As per title really. Come on mate you've had it for at least 24 hours now, WTF is it?

Cheers,

Gary


----------



## mrteatime (Oct 25, 2006)

could be.....

speedy pro

rolex daytona?


----------



## mjolnir (Jan 3, 2006)

He should be banned in my opinion... and his new watch should be confiscated as punishment.

Buying watches and not showing. It's just not cricket.

:bb:


----------



## PhilM (Nov 5, 2004)

I have been wondering also :blink:


----------



## Toshi (Aug 31, 2007)

For heavens sake guys, I've posted a picture..... :tongue2:


----------



## Agent orange (Feb 11, 2006)

mjolnir said:


> He should be banned in my opinion... and his new watch should be confiscated as punishment.
> 
> Buying watches and not showing. It's just not cricket.
> 
> :bb:


Now there's an idea, like your thinking :yes:.

The worse part is informing us about a new purchase and then not revealing all. He's just a tease I tell you :taz:

Cheers,

Gary


----------



## mjolnir (Jan 3, 2006)

Agent orange said:


> Now there's an idea, like your thinking :yes:.


We could start a petition h34r:


----------



## Agent orange (Feb 11, 2006)

mjolnir said:


> Agent orange said:
> 
> 
> > Now there's an idea, like your thinking :yes:.
> ...


All those in favour say I :banned:


----------



## mjolnir (Jan 3, 2006)

Agent orange said:


> All those in favour say I :banned:


"I"










Come on guys, Let's get him


----------



## mrteatime (Oct 25, 2006)

i love a good lynching :lol:


----------



## Toshi (Aug 31, 2007)

Give me a chance.... typing......


----------



## PhilM (Nov 5, 2004)

Well you did start posting about this one last night Rich


----------



## Toshi (Aug 31, 2007)

OK, I'll tell, but I can't show any pics..... let me explain.

This is what I went to buy yesterday (not the exact watch, but the same - Blancpain Fifty Fathoms Bund










I've been looking for one for some time now, and got a call on Friday from a WIS mate to say he knew where there was a "good example" to be had, so I met up with him at Portabello Road market yesterday afternoon. I was hoping it would be as good as he said it was.

It wasn't  . Case and bezel were fine (the bezel's the main weakness of this watch), but the dial had been (badly) re-lumed, and the guy wouldn't drop below Â£2k. So.... :sadwalk:

But while I was there I had a look around and found something interesting....

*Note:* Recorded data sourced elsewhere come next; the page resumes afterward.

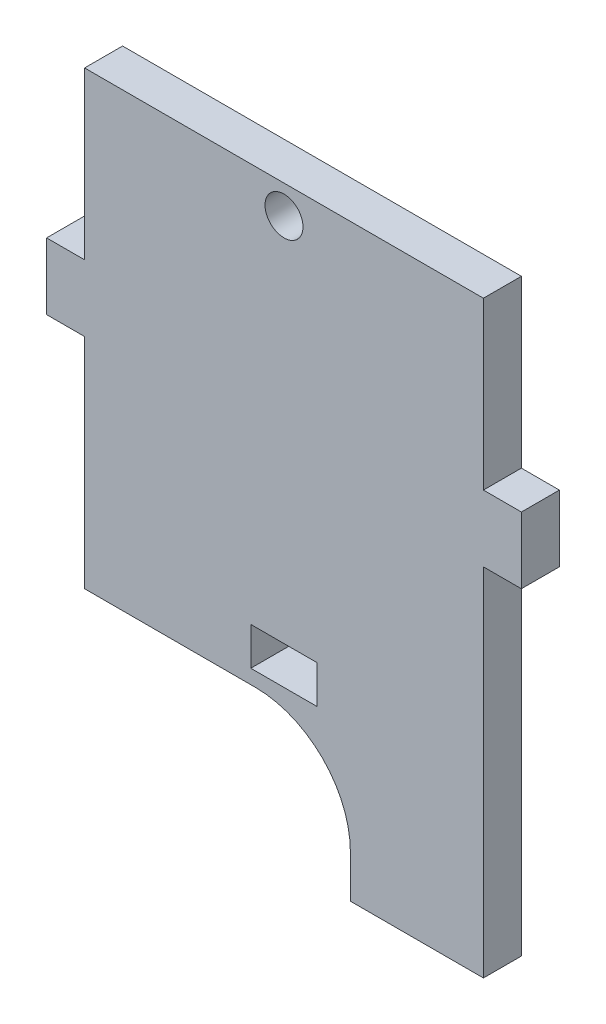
ISO-10303-21;
HEADER;
FILE_DESCRIPTION(('STEP AP214'),'2;1');
FILE_NAME('part.step','',(''),(''),'','','');
FILE_SCHEMA(('AUTOMOTIVE_DESIGN { 1 0 10303 214 1 1 1 1 }'));
ENDSEC;
DATA;
#1=APPLICATION_CONTEXT('core data for automotive mechanical design processes');
#2=APPLICATION_PROTOCOL_DEFINITION('international standard','automotive_design',2000,#1);
#3=PRODUCT_CONTEXT('',#1,'mechanical');
#4=PRODUCT('Part','Part','',(#3));
#5=PRODUCT_RELATED_PRODUCT_CATEGORY('part','',(#4));
#6=PRODUCT_DEFINITION_FORMATION('','',#4);
#7=PRODUCT_DEFINITION_CONTEXT('part definition',#1,'design');
#8=PRODUCT_DEFINITION('design','',#6,#7);
#9=PRODUCT_DEFINITION_SHAPE('','',#8);
#10=(LENGTH_UNIT() NAMED_UNIT(*) SI_UNIT(.MILLI.,.METRE.));
#11=(NAMED_UNIT(*) PLANE_ANGLE_UNIT() SI_UNIT($,.RADIAN.));
#12=(NAMED_UNIT(*) SI_UNIT($,.STERADIAN.) SOLID_ANGLE_UNIT());
#13=UNCERTAINTY_MEASURE_WITH_UNIT(LENGTH_MEASURE(1.E-05),#10,'distance_accuracy_value','');
#14=(GEOMETRIC_REPRESENTATION_CONTEXT(3) GLOBAL_UNCERTAINTY_ASSIGNED_CONTEXT((#13)) GLOBAL_UNIT_ASSIGNED_CONTEXT((#10,
#11,#12)) REPRESENTATION_CONTEXT('',''));
#15=CARTESIAN_POINT('',(0.,0.,0.));
#16=DIRECTION('',(0.,0.,1.));
#17=DIRECTION('',(1.,0.,0.));
#18=AXIS2_PLACEMENT_3D('',#15,#16,#17);
#19=CARTESIAN_POINT('',(8.44111376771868,0.,4.));
#20=DIRECTION('',(1.,0.,0.));
#21=DIRECTION('',(0.,1.,0.));
#22=AXIS2_PLACEMENT_3D('',#19,#20,#21);
#23=PLANE('',#22);
#24=DIRECTION('',(0.,-1.,0.));
#25=VECTOR('',#24,1.);
#26=CARTESIAN_POINT('',(8.44111376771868,0.,4.));
#27=LINE('',#26,#25);
#28=CARTESIAN_POINT('',(8.44111376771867,-50.8647060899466,4.));
#29=VERTEX_POINT('',#28);
#30=CARTESIAN_POINT('',(8.44111376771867,-55.3647060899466,4.));
#31=VERTEX_POINT('',#30);
#32=EDGE_CURVE('E322',#29,#31,#27,.T.);
#33=ORIENTED_EDGE('',*,*,#32,.F.);
#34=DIRECTION('',(0.,0.,-1.));
#35=VECTOR('',#34,1.);
#36=CARTESIAN_POINT('',(8.44111376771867,-50.8647060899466,0.));
#37=LINE('',#36,#35);
#38=CARTESIAN_POINT('',(8.44111376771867,-50.8647060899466,0.));
#39=VERTEX_POINT('',#38);
#40=EDGE_CURVE('E311',#29,#39,#37,.T.);
#41=ORIENTED_EDGE('',*,*,#40,.T.);
#42=DIRECTION('',(0.,-1.,0.));
#43=VECTOR('',#42,1.);
#44=CARTESIAN_POINT('',(8.44111376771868,0.,0.));
#45=LINE('',#44,#43);
#46=CARTESIAN_POINT('',(8.44111376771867,-55.3647060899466,0.));
#47=VERTEX_POINT('',#46);
#48=EDGE_CURVE('E320',#39,#47,#45,.T.);
#49=ORIENTED_EDGE('',*,*,#48,.T.);
#50=DIRECTION('',(0.,0.,-1.));
#51=VECTOR('',#50,1.);
#52=CARTESIAN_POINT('',(8.44111376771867,-55.3647060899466,4.));
#53=LINE('',#52,#51);
#54=EDGE_CURVE('E287',#31,#47,#53,.T.);
#55=ORIENTED_EDGE('',*,*,#54,.F.);
#56=EDGE_LOOP('',(#33,#41,#49,#55));
#57=FACE_BOUND('',#56,.T.);
#58=ADVANCED_FACE('F95',(#57),#23,.F.);
#59=CARTESIAN_POINT('',(-2.04888623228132,0.,4.));
#60=DIRECTION('',(1.,0.,0.));
#61=DIRECTION('',(0.,0.,-1.));
#62=AXIS2_PLACEMENT_3D('',#59,#60,#61);
#63=PLANE('',#62);
#64=DIRECTION('',(0.,-1.,0.));
#65=VECTOR('',#64,1.);
#66=CARTESIAN_POINT('',(-2.04888623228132,0.,0.));
#67=LINE('',#66,#65);
#68=CARTESIAN_POINT('',(-2.04888623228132,-35.3647060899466,0.));
#69=VERTEX_POINT('',#68);
#70=CARTESIAN_POINT('',(-2.04888623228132,-39.3647060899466,0.));
#71=VERTEX_POINT('',#70);
#72=EDGE_CURVE('E329',#69,#71,#67,.T.);
#73=ORIENTED_EDGE('',*,*,#72,.F.);
#74=DIRECTION('',(0.,0.,-1.));
#75=VECTOR('',#74,1.);
#76=CARTESIAN_POINT('',(-2.04888623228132,-35.3647060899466,4.));
#77=LINE('',#76,#75);
#78=CARTESIAN_POINT('',(-2.04888623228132,-35.3647060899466,4.));
#79=VERTEX_POINT('',#78);
#80=EDGE_CURVE('E357',#79,#69,#77,.T.);
#81=ORIENTED_EDGE('',*,*,#80,.F.);
#82=DIRECTION('',(0.,-1.,0.));
#83=VECTOR('',#82,1.);
#84=CARTESIAN_POINT('',(-2.04888623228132,0.,4.));
#85=LINE('',#84,#83);
#86=CARTESIAN_POINT('',(-2.04888623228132,-39.3647060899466,4.));
#87=VERTEX_POINT('',#86);
#88=EDGE_CURVE('E245',#79,#87,#85,.T.);
#89=ORIENTED_EDGE('',*,*,#88,.T.);
#90=DIRECTION('',(0.,0.,-1.));
#91=VECTOR('',#90,1.);
#92=CARTESIAN_POINT('',(-2.04888623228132,-39.3647060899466,4.));
#93=LINE('',#92,#91);
#94=EDGE_CURVE('E257',#87,#71,#93,.T.);
#95=ORIENTED_EDGE('',*,*,#94,.T.);
#96=EDGE_LOOP('',(#73,#81,#89,#95));
#97=FACE_BOUND('',#96,.T.);
#98=ADVANCED_FACE('F362',(#97),#63,.T.);
#99=CARTESIAN_POINT('',(0.,-39.3647060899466,4.));
#100=DIRECTION('',(0.,1.,0.));
#101=DIRECTION('',(0.,0.,1.));
#102=AXIS2_PLACEMENT_3D('',#99,#100,#101);
#103=PLANE('',#102);
#104=DIRECTION('',(1.,0.,0.));
#105=VECTOR('',#104,1.);
#106=CARTESIAN_POINT('',(0.,-39.3647060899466,0.));
#107=LINE('',#106,#105);
#108=CARTESIAN_POINT('',(4.95111376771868,-39.3647060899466,0.));
#109=VERTEX_POINT('',#108);
#110=EDGE_CURVE('E334',#71,#109,#107,.T.);
#111=ORIENTED_EDGE('',*,*,#110,.F.);
#112=ORIENTED_EDGE('',*,*,#94,.F.);
#113=DIRECTION('',(1.,0.,0.));
#114=VECTOR('',#113,1.);
#115=CARTESIAN_POINT('',(0.,-39.3647060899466,4.));
#116=LINE('',#115,#114);
#117=CARTESIAN_POINT('',(4.95111376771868,-39.3647060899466,4.));
#118=VERTEX_POINT('',#117);
#119=EDGE_CURVE('E237',#87,#118,#116,.T.);
#120=ORIENTED_EDGE('',*,*,#119,.T.);
#121=DIRECTION('',(0.,0.,-1.));
#122=VECTOR('',#121,1.);
#123=CARTESIAN_POINT('',(4.95111376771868,-39.3647060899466,4.));
#124=LINE('',#123,#122);
#125=EDGE_CURVE('E233',#118,#109,#124,.T.);
#126=ORIENTED_EDGE('',*,*,#125,.T.);
#127=EDGE_LOOP('',(#111,#112,#120,#126));
#128=FACE_BOUND('',#127,.T.);
#129=ADVANCED_FACE('F365',(#128),#103,.T.);
#130=CARTESIAN_POINT('',(4.95111376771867,0.,4.));
#131=DIRECTION('',(1.,0.,0.));
#132=DIRECTION('',(0.,1.,0.));
#133=AXIS2_PLACEMENT_3D('',#130,#131,#132);
#134=PLANE('',#133);
#135=DIRECTION('',(0.,-1.,0.));
#136=VECTOR('',#135,1.);
#137=CARTESIAN_POINT('',(4.95111376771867,0.,0.));
#138=LINE('',#137,#136);
#139=CARTESIAN_POINT('',(4.95111376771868,-35.3647060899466,0.));
#140=VERTEX_POINT('',#139);
#141=EDGE_CURVE('E367',#140,#109,#138,.T.);
#142=ORIENTED_EDGE('',*,*,#141,.T.);
#143=ORIENTED_EDGE('',*,*,#125,.F.);
#144=DIRECTION('',(0.,-1.,0.));
#145=VECTOR('',#144,1.);
#146=CARTESIAN_POINT('',(4.95111376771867,0.,4.));
#147=LINE('',#146,#145);
#148=CARTESIAN_POINT('',(4.95111376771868,-35.3647060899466,4.));
#149=VERTEX_POINT('',#148);
#150=EDGE_CURVE('E226',#149,#118,#147,.T.);
#151=ORIENTED_EDGE('',*,*,#150,.F.);
#152=DIRECTION('',(0.,0.,-1.));
#153=VECTOR('',#152,1.);
#154=CARTESIAN_POINT('',(4.95111376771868,-35.3647060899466,4.));
#155=LINE('',#154,#153);
#156=EDGE_CURVE('E231',#149,#140,#155,.T.);
#157=ORIENTED_EDGE('',*,*,#156,.T.);
#158=EDGE_LOOP('',(#142,#143,#151,#157));
#159=FACE_BOUND('',#158,.T.);
#160=ADVANCED_FACE('F229',(#159),#134,.F.);
#161=CARTESIAN_POINT('',(0.,-35.3647060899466,4.));
#162=DIRECTION('',(0.,1.,0.));
#163=DIRECTION('',(0.,0.,1.));
#164=AXIS2_PLACEMENT_3D('',#161,#162,#163);
#165=PLANE('',#164);
#166=DIRECTION('',(1.,0.,0.));
#167=VECTOR('',#166,1.);
#168=CARTESIAN_POINT('',(0.,-35.3647060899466,0.));
#169=LINE('',#168,#167);
#170=EDGE_CURVE('E251',#69,#140,#169,.T.);
#171=ORIENTED_EDGE('',*,*,#170,.T.);
#172=ORIENTED_EDGE('',*,*,#156,.F.);
#173=DIRECTION('',(1.,0.,0.));
#174=VECTOR('',#173,1.);
#175=CARTESIAN_POINT('',(0.,-35.3647060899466,4.));
#176=LINE('',#175,#174);
#177=EDGE_CURVE('E238',#79,#149,#176,.T.);
#178=ORIENTED_EDGE('',*,*,#177,.F.);
#179=ORIENTED_EDGE('',*,*,#80,.T.);
#180=EDGE_LOOP('',(#171,#172,#178,#179));
#181=FACE_BOUND('',#180,.T.);
#182=ADVANCED_FACE('F249',(#181),#165,.F.);
#183=CARTESIAN_POINT('',(1.45111376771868,3.63529391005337,4.));
#184=DIRECTION('',(0.,0.,-1.));
#185=DIRECTION('',(-1.,0.,0.));
#186=AXIS2_PLACEMENT_3D('',#183,#184,#185);
#187=CYLINDRICAL_SURFACE('',#186,2.);
#188=CARTESIAN_POINT('',(1.45111376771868,3.63529391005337,4.));
#189=DIRECTION('',(0.,0.,1.));
#190=DIRECTION('',(1.,0.,0.));
#191=AXIS2_PLACEMENT_3D('',#188,#189,#190);
#192=CIRCLE('',#191,2.);
#193=CARTESIAN_POINT('',(3.45111376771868,3.63529391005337,4.));
#194=VERTEX_POINT('',#193);
#195=EDGE_CURVE('E247',#194,#194,#192,.T.);
#196=ORIENTED_EDGE('',*,*,#195,.T.);
#197=EDGE_LOOP('',(#196));
#198=FACE_BOUND('',#197,.T.);
#199=CARTESIAN_POINT('',(1.45111376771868,3.63529391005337,0.));
#200=DIRECTION('',(0.,0.,1.));
#201=DIRECTION('',(1.,0.,0.));
#202=AXIS2_PLACEMENT_3D('',#199,#200,#201);
#203=CIRCLE('',#202,2.);
#204=CARTESIAN_POINT('',(3.45111376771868,3.63529391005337,0.));
#205=VERTEX_POINT('',#204);
#206=EDGE_CURVE('E281',#205,#205,#203,.T.);
#207=ORIENTED_EDGE('',*,*,#206,.F.);
#208=EDGE_LOOP('',(#207));
#209=FACE_BOUND('',#208,.T.);
#210=ADVANCED_FACE('F394',(#198,#209),#187,.F.);
#211=CARTESIAN_POINT('',(0.,-55.3647060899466,4.));
#212=DIRECTION('',(0.,1.,0.));
#213=DIRECTION('',(0.,0.,1.));
#214=AXIS2_PLACEMENT_3D('',#211,#212,#213);
#215=PLANE('',#214);
#216=DIRECTION('',(1.,0.,0.));
#217=VECTOR('',#216,1.);
#218=CARTESIAN_POINT('',(0.,-55.3647060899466,0.));
#219=LINE('',#218,#217);
#220=CARTESIAN_POINT('',(22.4511137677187,-55.3647060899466,0.));
#221=VERTEX_POINT('',#220);
#222=EDGE_CURVE('E327',#47,#221,#219,.T.);
#223=ORIENTED_EDGE('',*,*,#222,.T.);
#224=DIRECTION('',(0.,0.,-1.));
#225=VECTOR('',#224,1.);
#226=CARTESIAN_POINT('',(22.4511137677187,-55.3647060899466,4.));
#227=LINE('',#226,#225);
#228=CARTESIAN_POINT('',(22.4511137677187,-55.3647060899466,4.));
#229=VERTEX_POINT('',#228);
#230=EDGE_CURVE('E353',#229,#221,#227,.T.);
#231=ORIENTED_EDGE('',*,*,#230,.F.);
#232=DIRECTION('',(1.,0.,0.));
#233=VECTOR('',#232,1.);
#234=CARTESIAN_POINT('',(0.,-55.3647060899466,4.));
#235=LINE('',#234,#233);
#236=EDGE_CURVE('E385',#31,#229,#235,.T.);
#237=ORIENTED_EDGE('',*,*,#236,.F.);
#238=ORIENTED_EDGE('',*,*,#54,.T.);
#239=EDGE_LOOP('',(#223,#231,#237,#238));
#240=FACE_BOUND('',#239,.T.);
#241=ADVANCED_FACE('F417',(#240),#215,.F.);
#242=CARTESIAN_POINT('',(0.,6.63529391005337,4.));
#243=DIRECTION('',(0.,1.,0.));
#244=DIRECTION('',(0.,0.,1.));
#245=AXIS2_PLACEMENT_3D('',#242,#243,#244);
#246=PLANE('',#245);
#247=DIRECTION('',(1.,0.,0.));
#248=VECTOR('',#247,1.);
#249=CARTESIAN_POINT('',(0.,6.63529391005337,0.));
#250=LINE('',#249,#248);
#251=CARTESIAN_POINT('',(-19.5488862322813,6.63529391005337,0.));
#252=VERTEX_POINT('',#251);
#253=CARTESIAN_POINT('',(22.4511137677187,6.63529391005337,0.));
#254=VERTEX_POINT('',#253);
#255=EDGE_CURVE('E341',#252,#254,#250,.T.);
#256=ORIENTED_EDGE('',*,*,#255,.F.);
#257=DIRECTION('',(0.,0.,-1.));
#258=VECTOR('',#257,1.);
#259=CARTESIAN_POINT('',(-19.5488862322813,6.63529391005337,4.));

a very cheap Omega Speedie Pro. I mean _very_ cheap. It was filthy, but the dial and hands looked original, and the bezel wasn't too beaten up. As I looked I saw it was a pre-moon version (145.022). It just had to be bought. 

anyway, I met up with Paul (Silver Hawk) at the Uxbridge watch fair this morning (where I snagged another bargain, but more about that later :wink2: ), and Paul's taken it back to Brighton with him to give it a service and a clean for me (it was very dirty :schmoll: ). I had an email from Paul a while ago confirming it's a 1969 movement (30 prefix) and the caseback says 145022 - 69 ST, so it's the correct one. My very own all original 1969 pre-moon Speedie Pro :victory:

I should have it back on Tuesday, so there will then be pictures, promise :thumbsup:


----------



## mjolnir (Jan 3, 2006)

Toshi said:


> I should have it back on Tuesday, so there will then be pictures, promise :thumbsup:


I suppose he should get a reprieve then :sadwalk:

Well done Rich. Shame about the bund but i'd be very happy with a bargain pre moon speedy. Looking forward to the pictures (of todays one too ).


----------



## PhilM (Nov 5, 2004)

Now that's something special, you must be well pleased :yes:


----------



## Toshi (Aug 31, 2007)

PhilM said:


> Now that's something special, you must be well pleased :yes:


I am now Paul's confirmed it's what I thought it was. One of these days I'll have to pluck up courage to remove the back off a watch 

There's no bracelet of course, but it'll go on a nato


----------



## Stanford (Feb 10, 2007)

Congrats - I know you have been after a Speedy for a while :thumbsup:

The BP50 would have been nice, but there are just too many iffy ones around and I wouldn't know what I was looking at :sweatdrop:


----------



## Toshi (Aug 31, 2007)

mjolnir said:


> Toshi said:
> 
> 
> > I should have it back on Tuesday, so there will then be pictures, promise :thumbsup:
> ...


Today's one isn't actually for me. I have one already. But I know how much someone on this forum wants one, and he's helped me out a lot recently too, so when I saw it I thought of him....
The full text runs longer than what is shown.